If you can't visualize that very clearly, let's rewrite Equation 2 as a function:
f(Z) = exp(mu) * exp(Z)**sigma #(same as Equation 2)
and then look at the effects of mu and sigma on f(Z). The figure below holds sigma constant and varies mu. You should see that mu vertically scales f(Z). However, it does so in a nonlinear manner; the effect of changing mu from 0 to 1 is smaller than the effect of changing mu from 1 to 2. From Equation 2 we see that exp(mu) is actually the linear scaling factor. Hence SciPy's "scale" is exp(mu).
The next figure holds mu constant and varies sigma. You should see that the shape of f(Z) changes. That is, f(Z) has a constant value when Z=0 and sigma affects how quickly f(Z) curves away from the horizontal axis. Hence SciPy's "shape" is sigma.
Even more late, but in case it's helpful to anyone else: I found that the Excel's
LOGNORM.DIST(x,Ln(mean),standard_dev,TRUE)
provides the same results as python's
from scipy.stats import lognorm
lognorm.cdf(x,sigma,0,mean)
Likewise, Excel's
LOGNORM.DIST(x,Ln(mean),standard_dev,FALSE)
seems equivalent to Python's
from scipy.stats import lognorm
lognorm.pdf(x,sigma,0,mean).
#lucas' answer has the usage down pat. As a code example, you could use
import math
from scipy import stats
# standard deviation of normal distribution
sigma = 0.859455801705594
# mean of normal distribution
mu = 0.418749176686875
# hopefully, total is the value where you need the cdf
total = 37
frozen_lognorm = stats.lognorm(s=sigma, scale=math.exp(mu))
frozen_lognorm.cdf(total) # use whatever function and value you need here
Known mean and stddev of the lognormal distribution
In case someone is looking for it, here is a solution for getting the scipy.stats.lognorm distribution if the mean mu and standard deviation sigma of the lognormal distribution are known. In this case we have to calculate the stats.lognorm parameters from the known mu and sigma like so:
import numpy as np
from scipy import stats
mu = 10
sigma = 3
a = 1 + (sigma / mu) ** 2
s = np.sqrt(np.log(a))
scale = mu / np.sqrt(a)
This was obtained by looking into the implementation of the variance and mean calculations in the stats.lognorm.stats method and essentially reversing it (solving for the input).
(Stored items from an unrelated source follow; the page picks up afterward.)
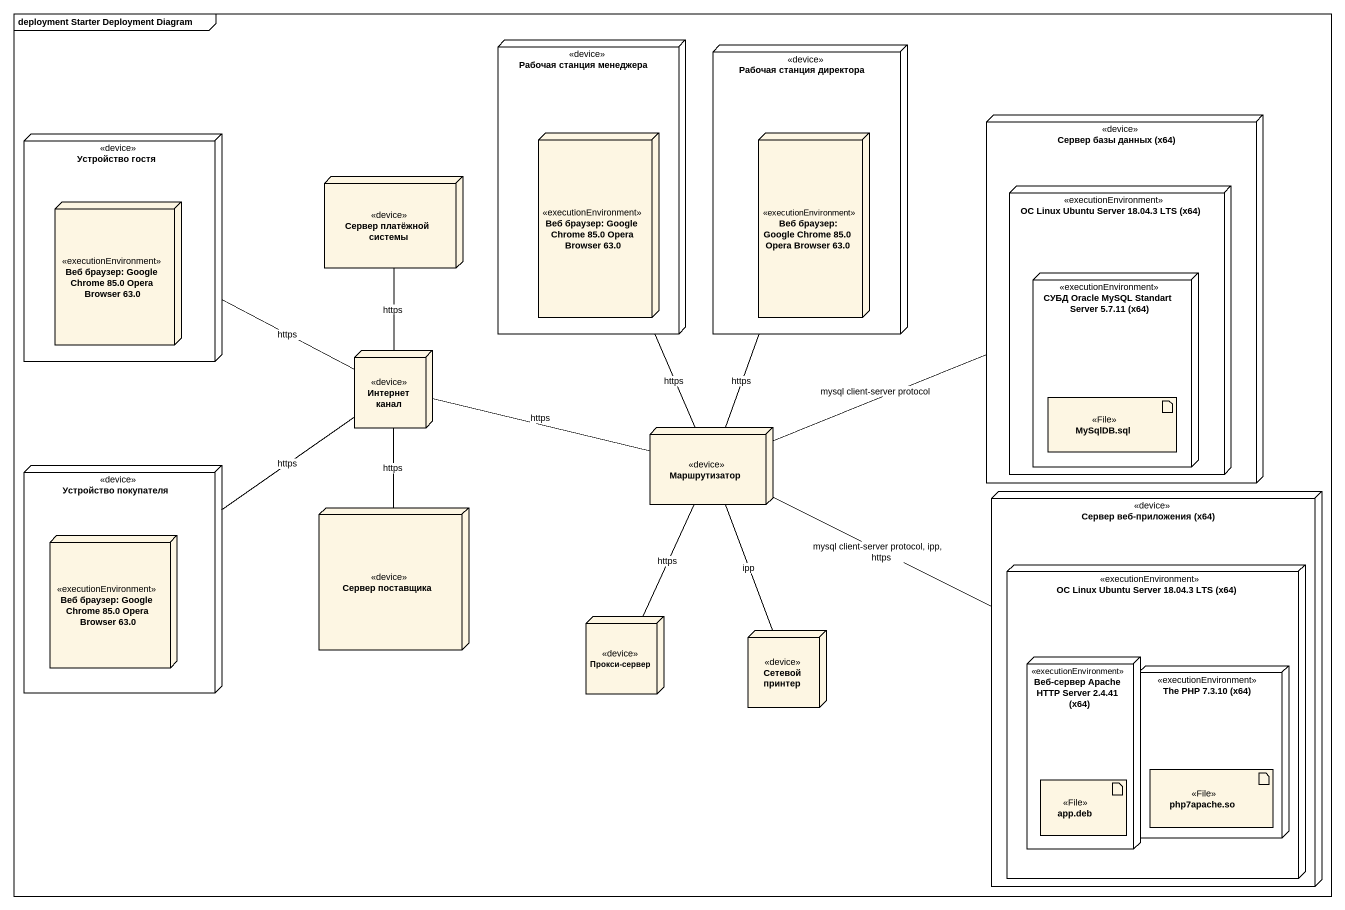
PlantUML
@startuml
mainframe deployment Starter Deployment Diagram
node "Рабочая станция менеджера" as Рабочая_станция_менеджера <<device>> {
  node "Веб браузер: Google Chrome 85.0 Opera Browser 63.0" as Веб_браузер_Google_Chrome <<executionEnvironment>>
}
node "Рабочая станция директора" as Рабочая_станция_директора <<device>> {
  node "Веб браузер: Google Chrome 85.0 Opera Browser 63.0" as Веб_браузер_Google_Chrome_2 <<executionEnvironment>>
}
node "Устройство гостя" as Устройство_гостя <<device>> {
  node "Веб браузер: Google Chrome 85.0 Opera Browser 63.0" as Веб_браузер_Google_Chrome_3 <<executionEnvironment>>
}
node "Сервер базы данных (x64)" as Сервер_базы_данных_x64 <<device>> {
  node "OC Linux Ubuntu Server 18.04.3 LTS (x64)" as OC_Linux_Ubuntu_Server_18 <<executionEnvironment>> {
    node "СУБД Oracle MySQL Standart Server 5.7.11 (x64)" as СУБД_Oracle_MySQL_Standart <<executionEnvironment>> {
      artifact "MySqlDB.sql" as MySqlDB_sql <<File>>
    }
  }
}
node "Сервер платёжной системы" as Сервер_платёжной_системы <<device>>
node "Интернет канал" as Интернет_канал <<device>>
node Маршрутизатор <<device>>
node "Устройство покупателя" as Устройство_покупателя <<device>> {
  node "Веб браузер: Google Chrome 85.0 Opera Browser 63.0" as Веб_браузер_Google_Chrome_4 <<executionEnvironment>>
}
node "Сервер веб-приложения (x64)" as Сервер_веб_приложения_x64 <<device>> {
  node "OC Linux Ubuntu Server 18.04.3 LTS (x64)" as OC_Linux_Ubuntu_Server_18_2 <<executionEnvironment>> {
    node "Веб-сервер Apache HTTP Server 2.4.41 (x64)" as Веб_сервер_Apache_HTTP <<executionEnvironment>> {
      artifact "app.deb" as app_deb <<File>>
    }
    node "The PHP 7.3.10 (x64)" as The_PHP_7_3_10_x64 <<executionEnvironment>> {
      artifact "php7apache.so" as php7apache_so <<File>>
    }
  }
}
node "Сервер поставщика" as Сервер_поставщика <<device>>
node "Прокси-сервер" as Прокси_сервер <<device>>
node "Сетевой принтер" as Сетевой_принтер <<device>>
Рабочая_станция_менеджера -- Маршрутизатор : https
Рабочая_станция_директора -- Маршрутизатор : https
Устройство_гостя -right- Интернет_канал : https
Сервер_базы_данных_x64 -left- Маршрутизатор : mysql client-server protocol
Сервер_платёжной_системы -- Интернет_канал : https
Маршрутизатор -left- Интернет_канал : https
Маршрутизатор -right- Сервер_веб_приложения_x64 : mysql client-server protocol, ipp, https
Маршрутизатор -- Прокси_сервер : https
Устройство_покупателя -up- Интернет_канал : https
Сервер_поставщика -up- Интернет_канал : https
Сетевой_принтер -up- Маршрутизатор : ipp
@enduml
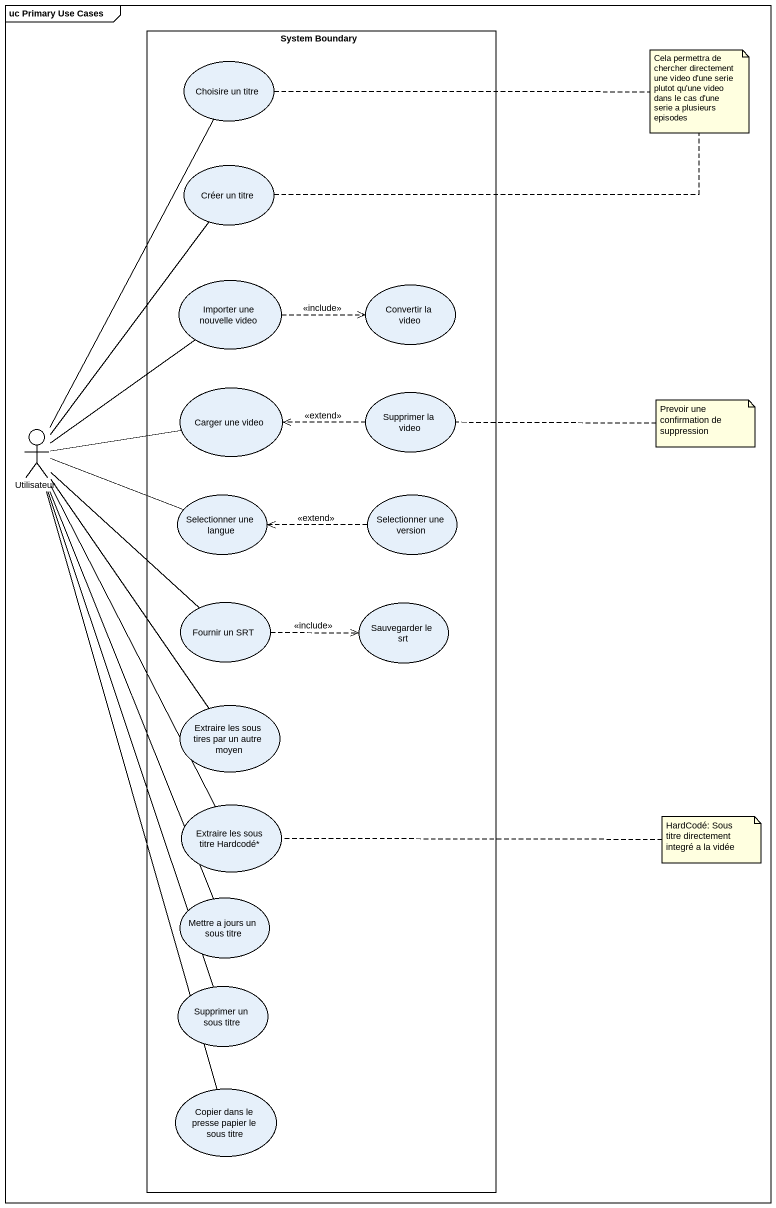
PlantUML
@startuml
mainframe uc Primary Use Cases
rectangle "System Boundary" as System_Boundary {
  usecase "Choisire un titre" as Choisire_un_titre
  usecase "Créer un titre" as Créer_un_titre
  usecase "Importer une nouvelle video" as Importer_une_nouvelle_video
  usecase "Convertir la video" as Convertir_la_video
  usecase "Carger une video" as Carger_une_video
  usecase "Supprimer la video" as Supprimer_la_video
  usecase "Selectionner une langue" as Selectionner_une_langue
  usecase "Selectionner une version" as Selectionner_une_version
  usecase "Fournir un SRT" as Fournir_un_SRT
  usecase "Sauvegarder le srt" as Sauvegarder_le_srt
  usecase "Extraire les sous tires par un autre moyen" as Extraire_les_sous_tires_par
  usecase "Extraire les sous titre Hardcodé*" as Extraire_les_sous_titre
  usecase "Mettre a jours un sous titre" as Mettre_a_jours_un_sous_titre
  usecase "Supprimer un sous titre" as Supprimer_un_sous_titre
  usecase "Copier dans le presse papier le sous titre" as Copier_dans_le_presse
}
actor Utilisateur
Importer_une_nouvelle_video .right.> Convertir_la_video : <<include>>
Supprimer_la_video .left.> Carger_une_video : <<extend>>
Utilisateur -up- Choisire_un_titre
Utilisateur -up- Créer_un_titre
Utilisateur -up- Importer_une_nouvelle_video
Utilisateur -right- Carger_une_video
Utilisateur -right- Selectionner_une_langue
Utilisateur -- Fournir_un_SRT
Utilisateur -- Extraire_les_sous_tires_par
Utilisateur -- Extraire_les_sous_titre
Utilisateur -- Mettre_a_jours_un_sous_titre
Utilisateur -- Supprimer_un_sous_titre
Utilisateur -- Copier_dans_le_presse
Selectionner_une_version .left.> Selectionner_une_langue : <<extend>>
Fournir_un_SRT .right.> Sauvegarder_le_srt : <<include>>
note as N1
  Cela permettra de chercher directement une video d'une serie plutot qu'une video dans le cas d'une serie a plusieurs episodes
end note
N1 .. Choisire_un_titre
N1 .. Créer_un_titre
note right of Supprimer_la_video : Prevoir une confirmation de suppression
note right of Extraire_les_sous_titre : HardCodé: Sous titre directement integré a la vidée
@enduml
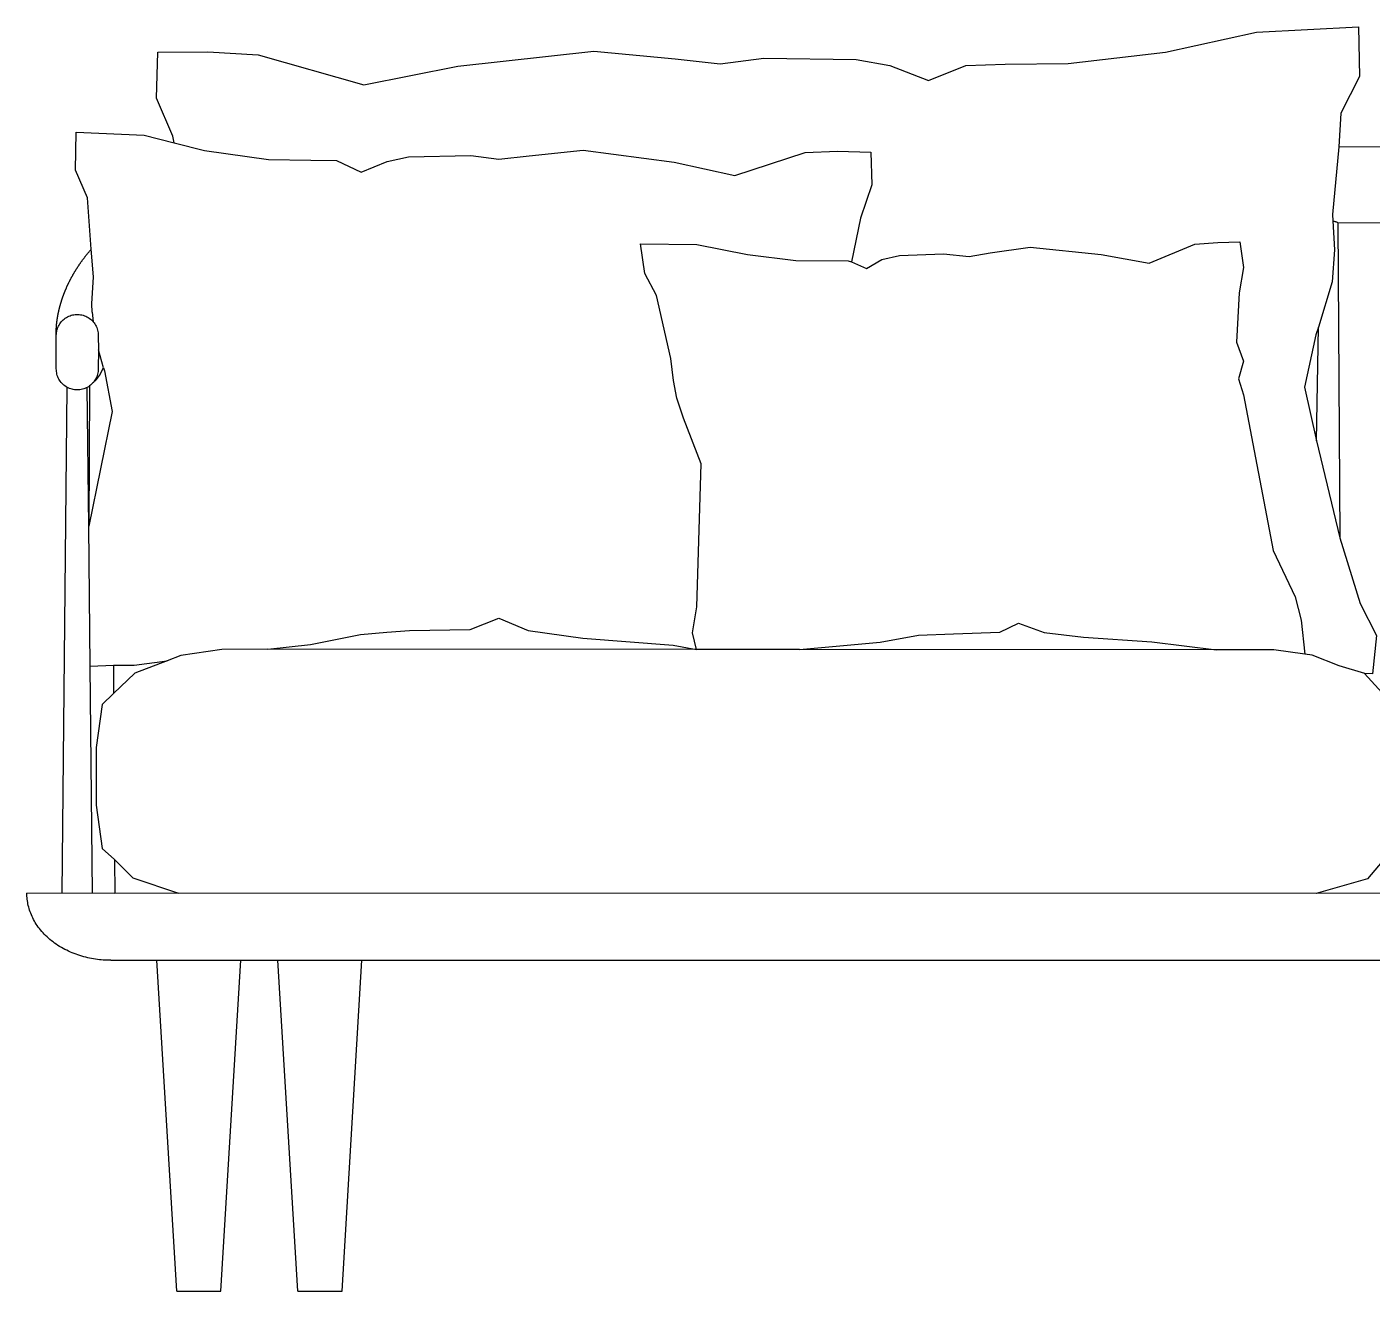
# Model space of a CAD drawing. Header units: inches. Extents: x 0 to 7318, y 0 to 812.
# Drawn here: x 3863 to 4665, y 1 to 755 of the extents above; entities that cross this region are included whole.
import ezdxf

# ---------------------------------------------------------------- set-up
doc = ezdxf.new("R2010")
doc.units = ezdxf.units.IN
doc.header["$MEASUREMENT"] = 0

# ---------------------------------------------------------------- blocks, each defined once
blk = doc.blocks.new('SC2_FRONT')
at = {"color": 7}
for points in [[(3902.28, 585.05, 0), (3902.17, 590.02, 0), (3903.01, 606.08, 0), (3901.76, 622.48, 0), (3899.59, 653.02, 0), (3892.37, 669.58, 0), (3892.79, 692.16, 0), (3933.19, 690.41, 0), (3951.18, 685.97, 0), (3950.37, 689.78, 0), (3940.62, 712.5, 0), (3941.39, 739.92, 0), (3971.27, 740.13, 0), (4001.21, 738.3, 0), (4064.33, 720.56, 0), (4120.3, 731.5, 0), (4201.46, 740.5, 0), (4249.82, 736.06, 0), (4276.75, 733.05, 0), (4302.78, 736.41, 0), (4357.83, 735.5, 0), (4377.82, 732.06, 0), (4400.83, 723.09, 0), (4423.2, 732.06, 0), (4446.7, 732.76, 0), (4484.22, 733.26, 0), (4542.16, 739.92, 0), (4596.44, 751.77, 0), (4657.19, 754.99, 0), (4657.83, 725.47, 0), (4646.74, 703.58, 0), (4645.48, 683.6, 0)], [(3951.18, 685.97, 0), (3969.17, 681.25, 0), (4007.46, 675.92, 0), (4032.57, 675.64, 0), (4048, 675.36, 0), (4062.73, 668.35, 0), (4078.16, 674.8, 0), (4090.79, 677.61, 0), (4127.96, 678.31, 0), (4144.79, 676.06, 0), (4162.89, 678.17, 0), (4195.01, 681.53, 0), (4249.3, 674.38, 0), (4285.49, 666.52, 0), (4327.29, 680.13, 0), (4346.65, 680.83, 0), (4366.43, 680.41, 0), (4367.13, 660.91, 0), (4360.4, 640.99, 0), (4354.95, 614.9, 0), (4363.9, 610.98, 0), (4373.02, 616.45, 0), (4383.54, 618.69, 0), (4409.91, 619.81, 0), (4425.06, 618.13, 0), (4437.69, 620.37, 0), (4461.54, 623.74, 0), (4503.76, 619.25, 0), (4532.52, 614.2, 0), (4559.59, 625.56, 0), (4573.34, 626.4, 0), (4586.52, 626.83, 0), (4588.63, 611.68, 0), (4586.1, 596.53, 0), (4584.56, 567.07, 0), (4588.63, 555.71, 0), (4585.68, 545.18, 0), (4588.77, 535.65, 0), (4606.44, 442.92, 0), (4619.49, 415.29, 0), (4623.13, 401.4, 0), (4625.3, 381.12, 0)], [(4645.48, 683.6, 0), (4641.77, 643.23, 0), (4641.99, 639.4, 0)], [(4645.48, 683.6, 0), (4685.41, 683.64, 0)], [(4641.99, 639.4, 0), (4642.92, 622.12, 0), (4641.52, 603.07, 0), (4633.33, 576.09, 0), (4631.84, 571.45, 0), (4625.04, 540.24, 0), (4632.26, 508.34, 0), (4633.33, 576.09, 0)], [(4641.99, 639.4, 0), (4642.42, 639.23, 0)], [(4642.42, 639.23, 0), (4642.79, 639.11, 0)], [(4642.79, 639.11, 0), (4643.16, 639.02, 0)], [(4643.16, 639.02, 0), (4643.49, 638.95, 0)], [(4643.49, 638.95, 0), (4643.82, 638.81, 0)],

Then we can initialize the frozen distribution instance
distr = stats.lognorm(s, 0, scale)
# generate some randomvals
randomvals = distr.rvs(1_000_000)
# calculate mean and variance using the dedicated method
mu_stats, var_stats = distr.stats("mv")
Compare means and stddevs from input, randomvals and analytical solution from distr.stats:
print(f"""
Mean Std
----------------------------
Input: {mu:6.2f} {sigma:6.2f}
Randomvals: {randomvals.mean():6.2f} {randomvals.std():6.2f}
lognorm.stats: {mu_stats:6.2f} {np.sqrt(var_stats):6.2f}
""")
Mean Std
----------------------------
Input: 10.00 3.00
Randomvals: 10.00 3.00
lognorm.stats: 10.00 3.00
Plot PDF from stats.lognorm and histogram of the random values:
import holoviews as hv
hv.extension('bokeh')
x = np.linspace(0, 30, 301)
counts, _ = np.histogram(randomvals, bins=x)
counts = counts / counts.sum() / (x[1] - x[0])
(hv.Histogram((counts, x))
* hv.Curve((x, distr.pdf(x))).opts(color="r").opts(width=900))
If you read this and just want a function with the behaviour similar to lnorm in R. Well, then relieve yourself from violent anger and use numpy's numpy.random.lognormal.